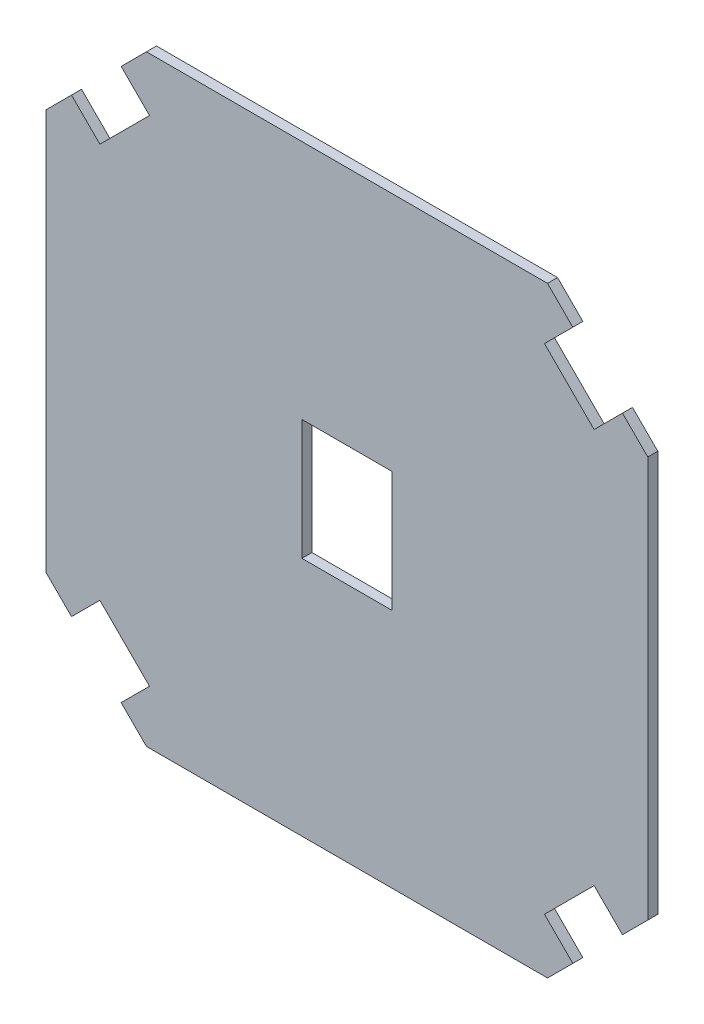
ISO-10303-21;
HEADER;
FILE_DESCRIPTION(('STEP AP214'),'2;1');
FILE_NAME('part.step','',(''),(''),'','','');
FILE_SCHEMA(('AUTOMOTIVE_DESIGN { 1 0 10303 214 1 1 1 1 }'));
ENDSEC;
DATA;
#1=APPLICATION_CONTEXT('core data for automotive mechanical design processes');
#2=APPLICATION_PROTOCOL_DEFINITION('international standard','automotive_design',2000,#1);
#3=PRODUCT_CONTEXT('',#1,'mechanical');
#4=PRODUCT('Part','Part','',(#3));
#5=PRODUCT_RELATED_PRODUCT_CATEGORY('part','',(#4));
#6=PRODUCT_DEFINITION_FORMATION('','',#4);
#7=PRODUCT_DEFINITION_CONTEXT('part definition',#1,'design');
#8=PRODUCT_DEFINITION('design','',#6,#7);
#9=PRODUCT_DEFINITION_SHAPE('','',#8);
#10=(LENGTH_UNIT() NAMED_UNIT(*) SI_UNIT(.MILLI.,.METRE.));
#11=(NAMED_UNIT(*) PLANE_ANGLE_UNIT() SI_UNIT($,.RADIAN.));
#12=(NAMED_UNIT(*) SI_UNIT($,.STERADIAN.) SOLID_ANGLE_UNIT());
#13=UNCERTAINTY_MEASURE_WITH_UNIT(LENGTH_MEASURE(1.E-05),#10,'distance_accuracy_value','');
#14=(GEOMETRIC_REPRESENTATION_CONTEXT(3) GLOBAL_UNCERTAINTY_ASSIGNED_CONTEXT((#13)) GLOBAL_UNIT_ASSIGNED_CONTEXT((#10,
#11,#12)) REPRESENTATION_CONTEXT('',''));
#15=CARTESIAN_POINT('',(0.,0.,0.));
#16=DIRECTION('',(0.,0.,1.));
#17=DIRECTION('',(1.,0.,0.));
#18=AXIS2_PLACEMENT_3D('',#15,#16,#17);
#19=CARTESIAN_POINT('',(0.,-30.,5.));
#20=DIRECTION('',(0.,-1.,0.));
#21=DIRECTION('',(1.,0.,0.));
#22=AXIS2_PLACEMENT_3D('',#19,#20,#21);
#23=PLANE('',#22);
#24=DIRECTION('',(-1.,0.,0.));
#25=VECTOR('',#24,1.);
#26=CARTESIAN_POINT('',(0.,-30.,0.));
#27=LINE('',#26,#25);
#28=CARTESIAN_POINT('',(22.5,-30.,0.));
#29=VERTEX_POINT('',#28);
#30=CARTESIAN_POINT('',(-22.5,-30.,0.));
#31=VERTEX_POINT('',#30);
#32=EDGE_CURVE('E340',#29,#31,#27,.T.);
#33=ORIENTED_EDGE('',*,*,#32,.T.);
#34=DIRECTION('',(0.,0.,-1.));
#35=VECTOR('',#34,1.);
#36=CARTESIAN_POINT('',(-22.5,-30.,5.));
#37=LINE('',#36,#35);
#38=CARTESIAN_POINT('',(-22.5,-30.,5.));
#39=VERTEX_POINT('',#38);
#40=EDGE_CURVE('E11',#39,#31,#37,.T.);
#41=ORIENTED_EDGE('',*,*,#40,.F.);
#42=DIRECTION('',(-1.,0.,0.));
#43=VECTOR('',#42,1.);
#44=CARTESIAN_POINT('',(0.,-30.,5.));
#45=LINE('',#44,#43);
#46=CARTESIAN_POINT('',(22.5,-30.,5.));
#47=VERTEX_POINT('',#46);
#48=EDGE_CURVE('E241',#47,#39,#45,.T.);
#49=ORIENTED_EDGE('',*,*,#48,.F.);
#50=DIRECTION('',(0.,0.,-1.));
#51=VECTOR('',#50,1.);
#52=CARTESIAN_POINT('',(22.5,-30.,5.));
#53=LINE('',#52,#51);
#54=EDGE_CURVE('E61',#47,#29,#53,.T.);
#55=ORIENTED_EDGE('',*,*,#54,.T.);
#56=EDGE_LOOP('',(#33,#41,#49,#55));
#57=FACE_BOUND('',#56,.T.);
#58=ADVANCED_FACE('F41',(#57),#23,.F.);
#59=CARTESIAN_POINT('',(-22.5,0.,5.));
#60=DIRECTION('',(-1.,0.,0.));
#61=DIRECTION('',(0.,0.,1.));
#62=AXIS2_PLACEMENT_3D('',#59,#60,#61);
#63=PLANE('',#62);
#64=DIRECTION('',(0.,1.,0.));
#65=VECTOR('',#64,1.);
#66=CARTESIAN_POINT('',(-22.5,0.,0.));
#67=LINE('',#66,#65);
#68=CARTESIAN_POINT('',(-22.5,30.,0.));
#69=VERTEX_POINT('',#68);
#70=EDGE_CURVE('E248',#31,#69,#67,.T.);
#71=ORIENTED_EDGE('',*,*,#70,.T.);
#72=DIRECTION('',(0.,0.,-1.));
#73=VECTOR('',#72,1.);
#74=CARTESIAN_POINT('',(-22.5,30.,5.));
#75=LINE('',#74,#73);
#76=CARTESIAN_POINT('',(-22.5,30.,5.));
#77=VERTEX_POINT('',#76);
#78=EDGE_CURVE('E52',#77,#69,#75,.T.);
#79=ORIENTED_EDGE('',*,*,#78,.F.);
#80=DIRECTION('',(0.,1.,0.));
#81=VECTOR('',#80,1.);
#82=CARTESIAN_POINT('',(-22.5,0.,5.));
#83=LINE('',#82,#81);
#84=EDGE_CURVE('E235',#39,#77,#83,.T.);
#85=ORIENTED_EDGE('',*,*,#84,.F.);
#86=ORIENTED_EDGE('',*,*,#40,.T.);
#87=EDGE_LOOP('',(#71,#79,#85,#86));
#88=FACE_BOUND('',#87,.T.);
#89=ADVANCED_FACE('F247',(#88),#63,.F.);
#90=CARTESIAN_POINT('',(0.,30.,5.));
#91=DIRECTION('',(0.,-1.,0.));
#92=DIRECTION('',(1.,0.,0.));
#93=AXIS2_PLACEMENT_3D('',#90,#91,#92);
#94=PLANE('',#93);
#95=DIRECTION('',(-1.,0.,0.));
#96=VECTOR('',#95,1.);
#97=CARTESIAN_POINT('',(0.,30.,0.));
#98=LINE('',#97,#96);
#99=CARTESIAN_POINT('',(22.5,30.,0.));
#100=VERTEX_POINT('',#99);
#101=EDGE_CURVE('E345',#100,#69,#98,.T.);
#102=ORIENTED_EDGE('',*,*,#101,.F.);
#103=DIRECTION('',(0.,0.,-1.));
#104=VECTOR('',#103,1.);
#105=CARTESIAN_POINT('',(22.5,30.,5.));
#106=LINE('',#105,#104);
#107=CARTESIAN_POINT('',(22.5,30.,5.));
#108=VERTEX_POINT('',#107);
#109=EDGE_CURVE('E147',#108,#100,#106,.T.);
#110=ORIENTED_EDGE('',*,*,#109,.F.);
#111=DIRECTION('',(-1.,0.,0.));
#112=VECTOR('',#111,1.);
#113=CARTESIAN_POINT('',(0.,30.,5.));
#114=LINE('',#113,#112);
#115=EDGE_CURVE('E240',#108,#77,#114,.T.);
#116=ORIENTED_EDGE('',*,*,#115,.T.);
#117=ORIENTED_EDGE('',*,*,#78,.T.);
#118=EDGE_LOOP('',(#102,#110,#116,#117));
#119=FACE_BOUND('',#118,.T.);
#120=ADVANCED_FACE('F253',(#119),#94,.T.);
#121=CARTESIAN_POINT('',(110.857864376269,-110.85786437627,5.));
#122=DIRECTION('',(0.707106781186543,-0.707106781186552,0.));
#123=DIRECTION('',(0.707106781186552,0.707106781186543,0.));
#124=AXIS2_PLACEMENT_3D('',#121,#122,#123);
#125=PLANE('',#124);
#126=DIRECTION('',(-0.707106781186552,-0.707106781186543,0.));
#127=VECTOR('',#126,1.);
#128=CARTESIAN_POINT('',(110.857864376269,-110.85786437627,0.));
#129=LINE('',#128,#127);
#130=CARTESIAN_POINT('',(123.232233047034,-98.4834957055048,0.));
#131=VERTEX_POINT('',#130);
#132=CARTESIAN_POINT('',(98.4834957055044,-123.232233047034,0.));
#133=VERTEX_POINT('',#132);
#134=EDGE_CURVE('E262',#131,#133,#129,.T.);
#135=ORIENTED_EDGE('',*,*,#134,.F.);
#136=DIRECTION('',(0.,0.,-1.));
#137=VECTOR('',#136,1.);
#138=CARTESIAN_POINT('',(123.232233047034,-98.4834957055048,5.));
#139=LINE('',#138,#137);
#140=CARTESIAN_POINT('',(123.232233047034,-98.4834957055048,5.));
#141=VERTEX_POINT('',#140);
#142=EDGE_CURVE('E45',#141,#131,#139,.T.);
#143=ORIENTED_EDGE('',*,*,#142,.F.);
#144=DIRECTION('',(-0.707106781186552,-0.707106781186543,0.));
#145=VECTOR('',#144,1.);
#146=CARTESIAN_POINT('',(110.857864376269,-110.85786437627,5.));
#147=LINE('',#146,#145);
#148=CARTESIAN_POINT('',(98.4834957055044,-123.232233047034,5.));
#149=VERTEX_POINT('',#148);
#150=EDGE_CURVE('E352',#141,#149,#147,.T.);
#151=ORIENTED_EDGE('',*,*,#150,.T.);
#152=DIRECTION('',(0.,0.,-1.));
#153=VECTOR('',#152,1.);
#154=CARTESIAN_POINT('',(98.4834957055044,-123.232233047034,5.));
#155=LINE('',#154,#153);
#156=EDGE_CURVE('E258',#149,#133,#155,.T.);
#157=ORIENTED_EDGE('',*,*,#156,.T.);
#158=EDGE_LOOP('',(#135,#143,#151,#157));
#159=FACE_BOUND('',#158,.T.);
#160=ADVANCED_FACE('F43',(#159),#125,.T.);
#161=CARTESIAN_POINT('',(12.3743686707649,12.3743686707648,5.));
#162=DIRECTION('',(-0.70710678118655,-0.707106781186545,0.));
#163=DIRECTION('',(0.707106781186545,-0.70710678118655,0.));
#164=AXIS2_PLACEMENT_3D('',#161,#162,#163);
#165=PLANE('',#164);
#166=DIRECTION('',(-0.707106781186545,0.70710678118655,0.));
#167=VECTOR('',#166,1.);
#168=CARTESIAN_POINT('',(12.3743686707649,12.3743686707648,0.));
#169=LINE('',#168,#167);
#170=CARTESIAN_POINT('',(137.374368670765,-112.625631329236,0.));
#171=VERTEX_POINT('',#170);
#172=EDGE_CURVE('E266',#171,#131,#169,.T.);
#173=ORIENTED_EDGE('',*,*,#172,.F.);
#174=DIRECTION('',(0.,0.,-1.));
#175=VECTOR('',#174,1.);
#176=CARTESIAN_POINT('',(137.374368670765,-112.625631329236,5.));
#177=LINE('',#176,#175);
#178=CARTESIAN_POINT('',(137.374368670765,-112.625631329236,5.));
#179=VERTEX_POINT('',#178);
#180=EDGE_CURVE('E427',#179,#171,#177,.T.);
#181=ORIENTED_EDGE('',*,*,#180,.F.);
#182=DIRECTION('',(-0.707106781186545,0.70710678118655,0.));
#183=VECTOR('',#182,1.);
#184=CARTESIAN_POINT('',(12.3743686707649,12.3743686707648,5.));
#185=LINE('',#184,#183);
#186=EDGE_CURVE('E438',#179,#141,#185,.T.);
#187=ORIENTED_EDGE('',*,*,#186,.T.);
#188=ORIENTED_EDGE('',*,*,#142,.T.);
#189=EDGE_LOOP('',(#173,#181,#187,#188));
#190=FACE_BOUND('',#189,.T.);
#191=ADVANCED_FACE('F436',(#190),#165,.T.);
#192=CARTESIAN_POINT('',(124.999999999999,-125.000000000001,5.));
#193=DIRECTION('',(-0.707106781186544,0.707106781186552,0.));
#194=DIRECTION('',(-0.707106781186551,-0.707106781186544,0.));
#195=AXIS2_PLACEMENT_3D('',#192,#193,#194);
#196=PLANE('',#195);
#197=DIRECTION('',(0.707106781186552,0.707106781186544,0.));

________

Problem description :: Among the records above, a stretch begins at the line containing "#37=LINE('',#36,#35);" and ends at the line containing "#58=ADVANCED_FACE('F41',(#57),#23,.F.);". Restate that stretch word for word, and nothing else.

Task solution ::
#37=LINE('',#36,#35);
#38=CARTESIAN_POINT('',(-22.5,-30.,5.));
#39=VERTEX_POINT('',#38);
#40=EDGE_CURVE('E11',#39,#31,#37,.T.);
#41=ORIENTED_EDGE('',*,*,#40,.F.);
#42=DIRECTION('',(-1.,0.,0.));
#43=VECTOR('',#42,1.);
#44=CARTESIAN_POINT('',(0.,-30.,5.));
#45=LINE('',#44,#43);
#46=CARTESIAN_POINT('',(22.5,-30.,5.));
#47=VERTEX_POINT('',#46);
#48=EDGE_CURVE('E241',#47,#39,#45,.T.);
#49=ORIENTED_EDGE('',*,*,#48,.F.);
#50=DIRECTION('',(0.,0.,-1.));
#51=VECTOR('',#50,1.);
#52=CARTESIAN_POINT('',(22.5,-30.,5.));
#53=LINE('',#52,#51);
#54=EDGE_CURVE('E61',#47,#29,#53,.T.);
#55=ORIENTED_EDGE('',*,*,#54,.T.);
#56=EDGE_LOOP('',(#33,#41,#49,#55));
#57=FACE_BOUND('',#56,.T.);
#58=ADVANCED_FACE('F41',(#57),#23,.F.);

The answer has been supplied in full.